### Records shown:
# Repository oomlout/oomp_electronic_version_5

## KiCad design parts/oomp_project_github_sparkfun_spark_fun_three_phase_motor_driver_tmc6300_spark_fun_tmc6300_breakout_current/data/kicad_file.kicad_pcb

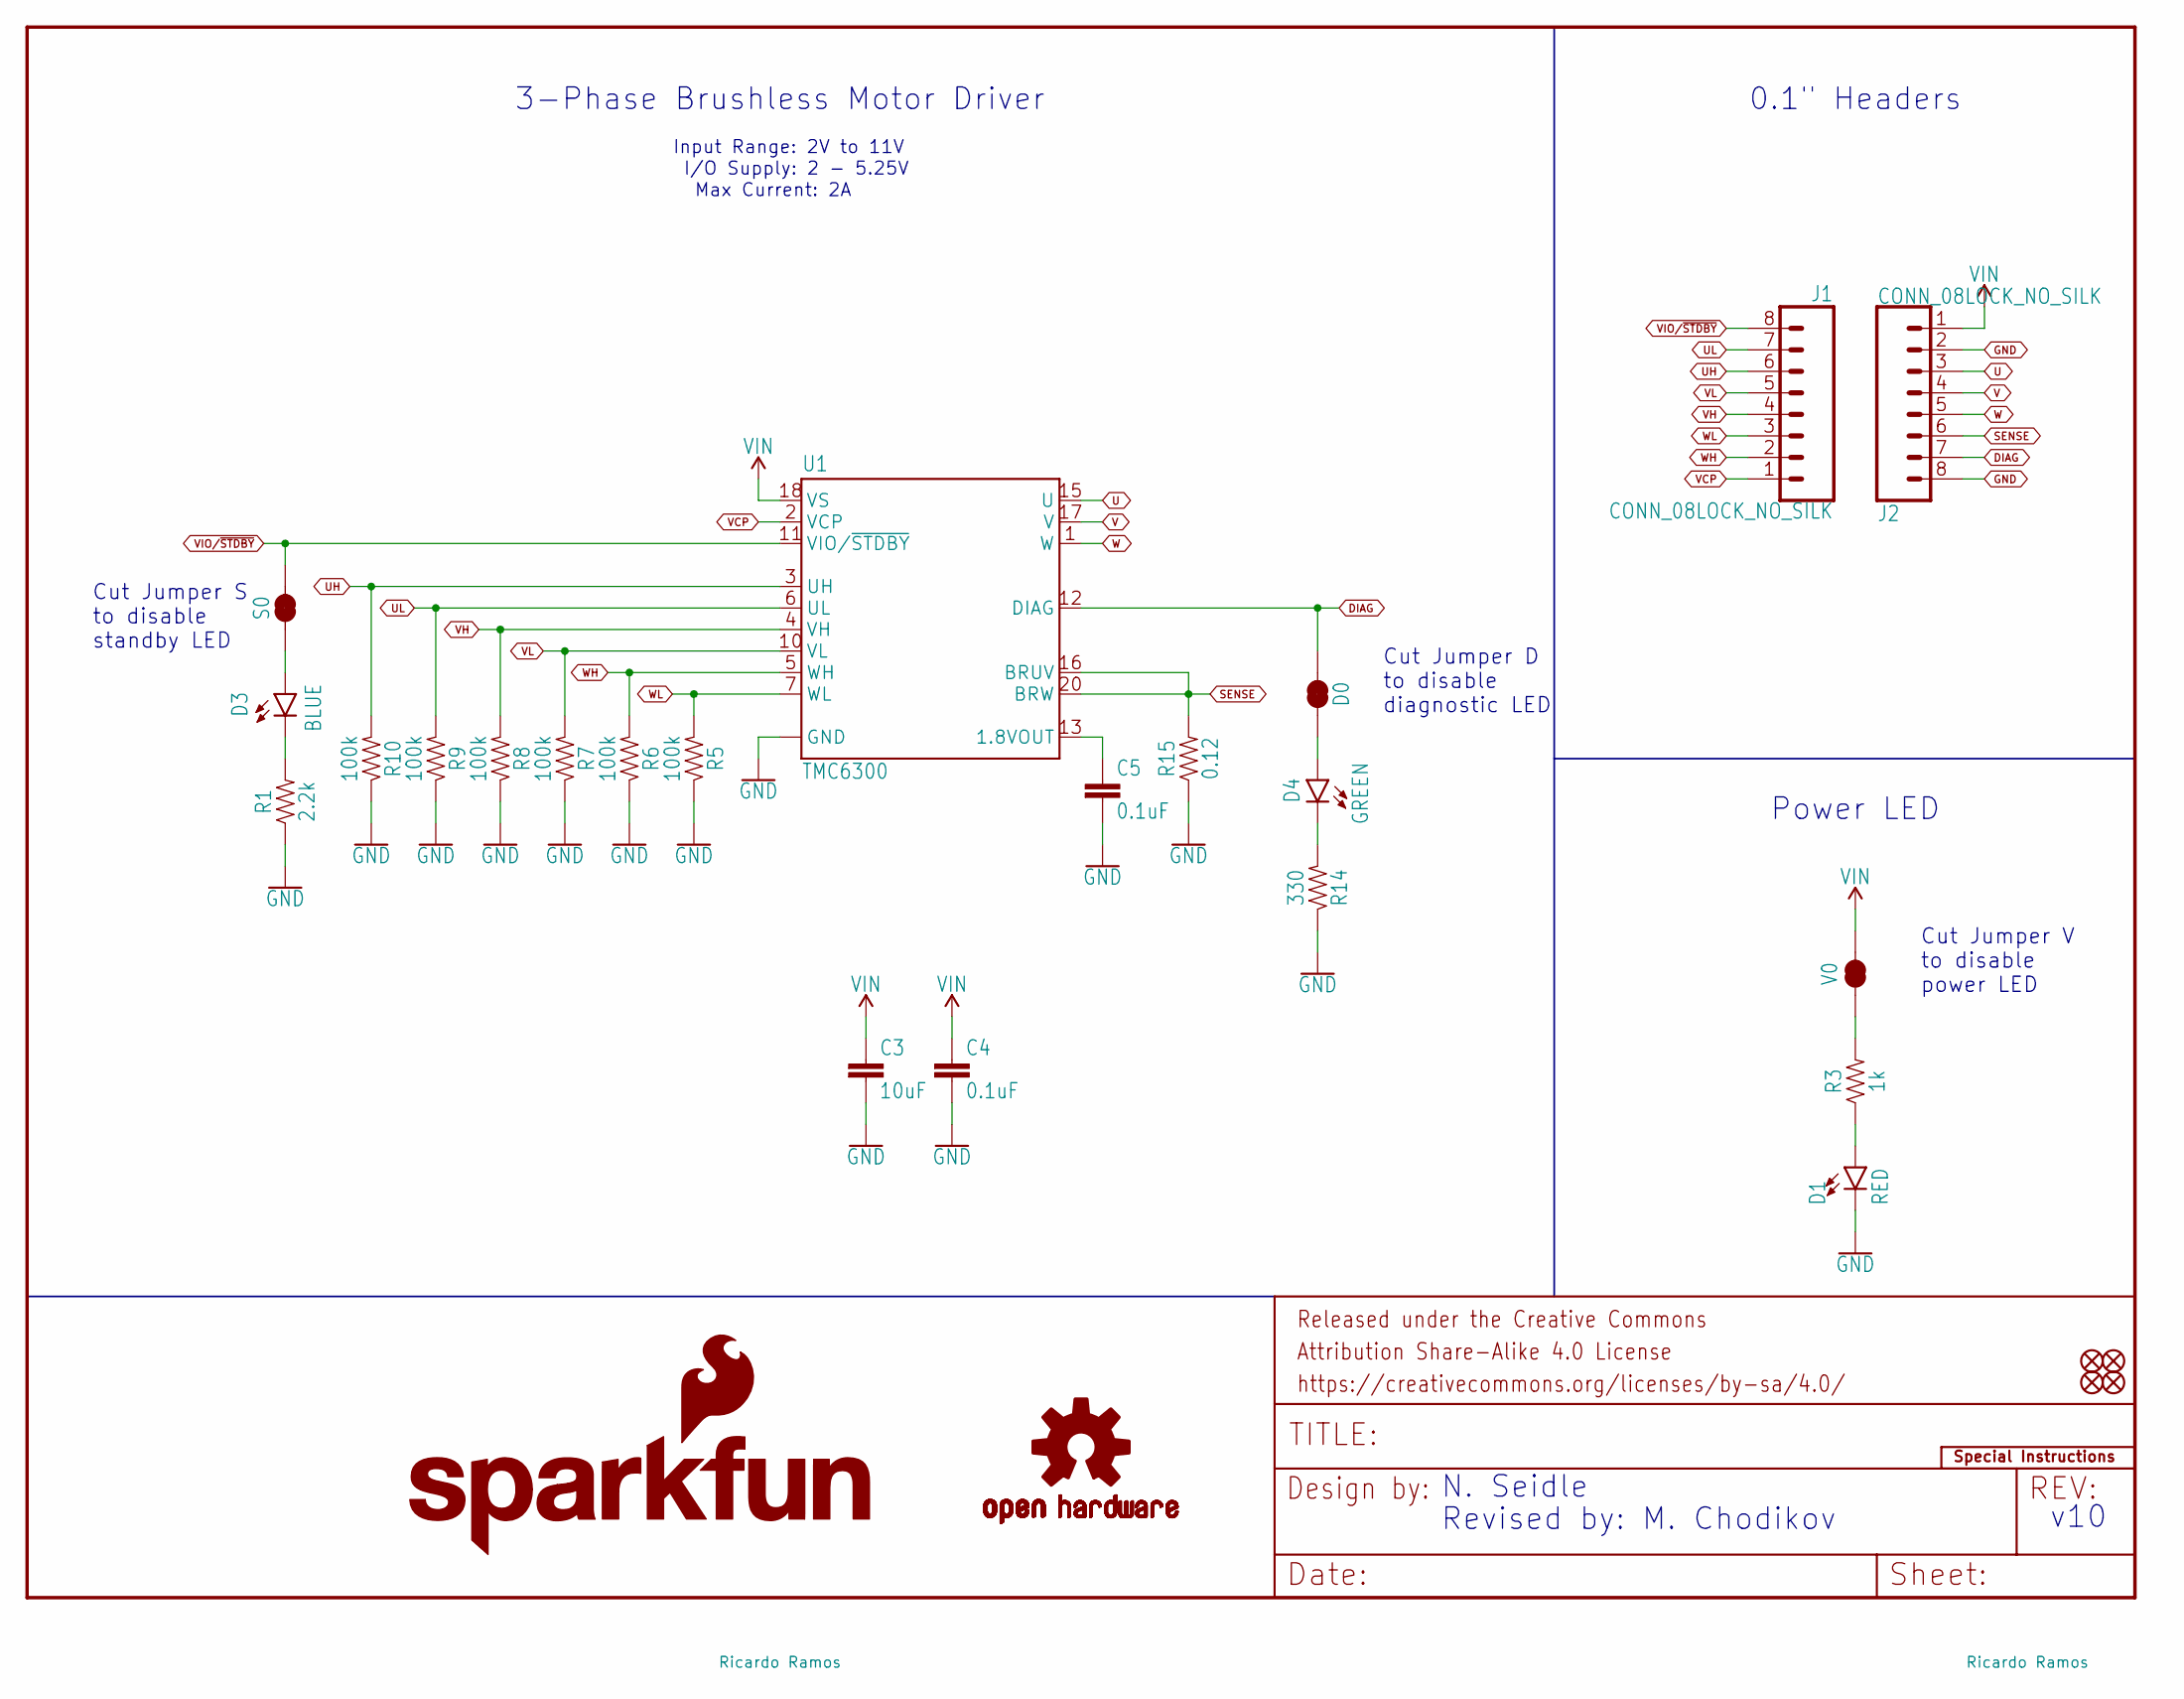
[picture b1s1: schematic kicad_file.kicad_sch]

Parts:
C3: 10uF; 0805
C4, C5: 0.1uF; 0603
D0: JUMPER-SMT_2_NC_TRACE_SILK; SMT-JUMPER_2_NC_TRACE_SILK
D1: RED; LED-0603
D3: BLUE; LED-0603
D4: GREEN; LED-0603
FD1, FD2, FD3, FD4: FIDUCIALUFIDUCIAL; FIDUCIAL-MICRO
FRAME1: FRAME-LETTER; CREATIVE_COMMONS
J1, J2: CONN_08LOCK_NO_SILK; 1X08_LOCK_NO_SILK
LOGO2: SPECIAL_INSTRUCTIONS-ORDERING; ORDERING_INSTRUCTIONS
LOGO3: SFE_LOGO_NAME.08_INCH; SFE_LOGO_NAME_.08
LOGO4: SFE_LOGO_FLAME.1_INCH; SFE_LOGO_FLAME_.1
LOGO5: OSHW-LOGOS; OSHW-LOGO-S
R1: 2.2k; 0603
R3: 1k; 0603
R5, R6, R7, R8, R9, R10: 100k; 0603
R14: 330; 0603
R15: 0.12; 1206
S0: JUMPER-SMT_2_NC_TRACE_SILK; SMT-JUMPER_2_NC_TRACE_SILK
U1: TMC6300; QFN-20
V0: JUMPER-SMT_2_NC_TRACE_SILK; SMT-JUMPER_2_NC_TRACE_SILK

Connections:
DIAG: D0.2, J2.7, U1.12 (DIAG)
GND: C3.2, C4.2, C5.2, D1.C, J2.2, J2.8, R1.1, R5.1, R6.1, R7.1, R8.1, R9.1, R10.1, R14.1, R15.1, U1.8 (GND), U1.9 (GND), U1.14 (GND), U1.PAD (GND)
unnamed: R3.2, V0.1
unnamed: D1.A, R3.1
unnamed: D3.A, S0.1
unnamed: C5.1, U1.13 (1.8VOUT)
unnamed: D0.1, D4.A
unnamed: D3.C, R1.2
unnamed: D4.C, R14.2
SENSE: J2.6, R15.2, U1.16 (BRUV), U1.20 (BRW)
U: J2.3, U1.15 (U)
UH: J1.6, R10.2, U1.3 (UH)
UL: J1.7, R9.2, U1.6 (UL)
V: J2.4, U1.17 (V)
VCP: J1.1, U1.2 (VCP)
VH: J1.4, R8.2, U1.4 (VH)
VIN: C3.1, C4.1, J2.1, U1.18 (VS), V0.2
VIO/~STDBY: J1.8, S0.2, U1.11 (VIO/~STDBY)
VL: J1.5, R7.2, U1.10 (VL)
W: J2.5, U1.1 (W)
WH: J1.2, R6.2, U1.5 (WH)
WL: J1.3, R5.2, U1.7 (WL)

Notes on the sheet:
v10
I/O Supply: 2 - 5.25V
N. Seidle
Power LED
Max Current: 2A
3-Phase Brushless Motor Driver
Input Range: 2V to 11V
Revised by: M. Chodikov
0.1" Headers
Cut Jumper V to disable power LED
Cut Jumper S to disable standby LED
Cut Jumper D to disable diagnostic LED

### The problem:
Repeat every line above exactly, but omit all images.

### Result below:
# Repository oomlout/oomp_electronic_version_5

## KiCad design parts/oomp_project_github_sparkfun_spark_fun_three_phase_motor_driver_tmc6300_spark_fun_tmc6300_breakout_current/data/kicad_file.kicad_pcb

[picture b1s1: schematic kicad_file.kicad_sch]

Parts:
C3: 10uF; 0805
C4, C5: 0.1uF; 0603
D0: JUMPER-SMT_2_NC_TRACE_SILK; SMT-JUMPER_2_NC_TRACE_SILK
D1: RED; LED-0603
D3: BLUE; LED-0603
D4: GREEN; LED-0603
FD1, FD2, FD3, FD4: FIDUCIALUFIDUCIAL; FIDUCIAL-MICRO
FRAME1: FRAME-LETTER; CREATIVE_COMMONS
J1, J2: CONN_08LOCK_NO_SILK; 1X08_LOCK_NO_SILK
LOGO2: SPECIAL_INSTRUCTIONS-ORDERING; ORDERING_INSTRUCTIONS
LOGO3: SFE_LOGO_NAME.08_INCH; SFE_LOGO_NAME_.08
LOGO4: SFE_LOGO_FLAME.1_INCH; SFE_LOGO_FLAME_.1
LOGO5: OSHW-LOGOS; OSHW-LOGO-S
R1: 2.2k; 0603
R3: 1k; 0603
R5, R6, R7, R8, R9, R10: 100k; 0603
R14: 330; 0603
R15: 0.12; 1206
S0: JUMPER-SMT_2_NC_TRACE_SILK; SMT-JUMPER_2_NC_TRACE_SILK
U1: TMC6300; QFN-20
V0: JUMPER-SMT_2_NC_TRACE_SILK; SMT-JUMPER_2_NC_TRACE_SILK

Connections:
DIAG: D0.2, J2.7, U1.12 (DIAG)
GND: C3.2, C4.2, C5.2, D1.C, J2.2, J2.8, R1.1, R5.1, R6.1, R7.1, R8.1, R9.1, R10.1, R14.1, R15.1, U1.8 (GND), U1.9 (GND), U1.14 (GND), U1.PAD (GND)
unnamed: R3.2, V0.1
unnamed: D1.A, R3.1
unnamed: D3.A, S0.1
unnamed: C5.1, U1.13 (1.8VOUT)
unnamed: D0.1, D4.A
unnamed: D3.C, R1.2
unnamed: D4.C, R14.2
SENSE: J2.6, R15.2, U1.16 (BRUV), U1.20 (BRW)
U: J2.3, U1.15 (U)
UH: J1.6, R10.2, U1.3 (UH)
UL: J1.7, R9.2, U1.6 (UL)
V: J2.4, U1.17 (V)
VCP: J1.1, U1.2 (VCP)
VH: J1.4, R8.2, U1.4 (VH)
VIN: C3.1, C4.1, J2.1, U1.18 (VS), V0.2
VIO/~STDBY: J1.8, S0.2, U1.11 (VIO/~STDBY)
VL: J1.5, R7.2, U1.10 (VL)
W: J2.5, U1.1 (W)
WH: J1.2, R6.2, U1.5 (WH)
WL: J1.3, R5.2, U1.7 (WL)

Notes on the sheet:
v10
I/O Supply: 2 - 5.25V
N. Seidle
Power LED
Max Current: 2A
3-Phase Brushless Motor Driver
Input Range: 2V to 11V
Revised by: M. Chodikov
0.1" Headers
Cut Jumper V to disable power LED
Cut Jumper S to disable standby LED
Cut Jumper D to disable diagnostic LED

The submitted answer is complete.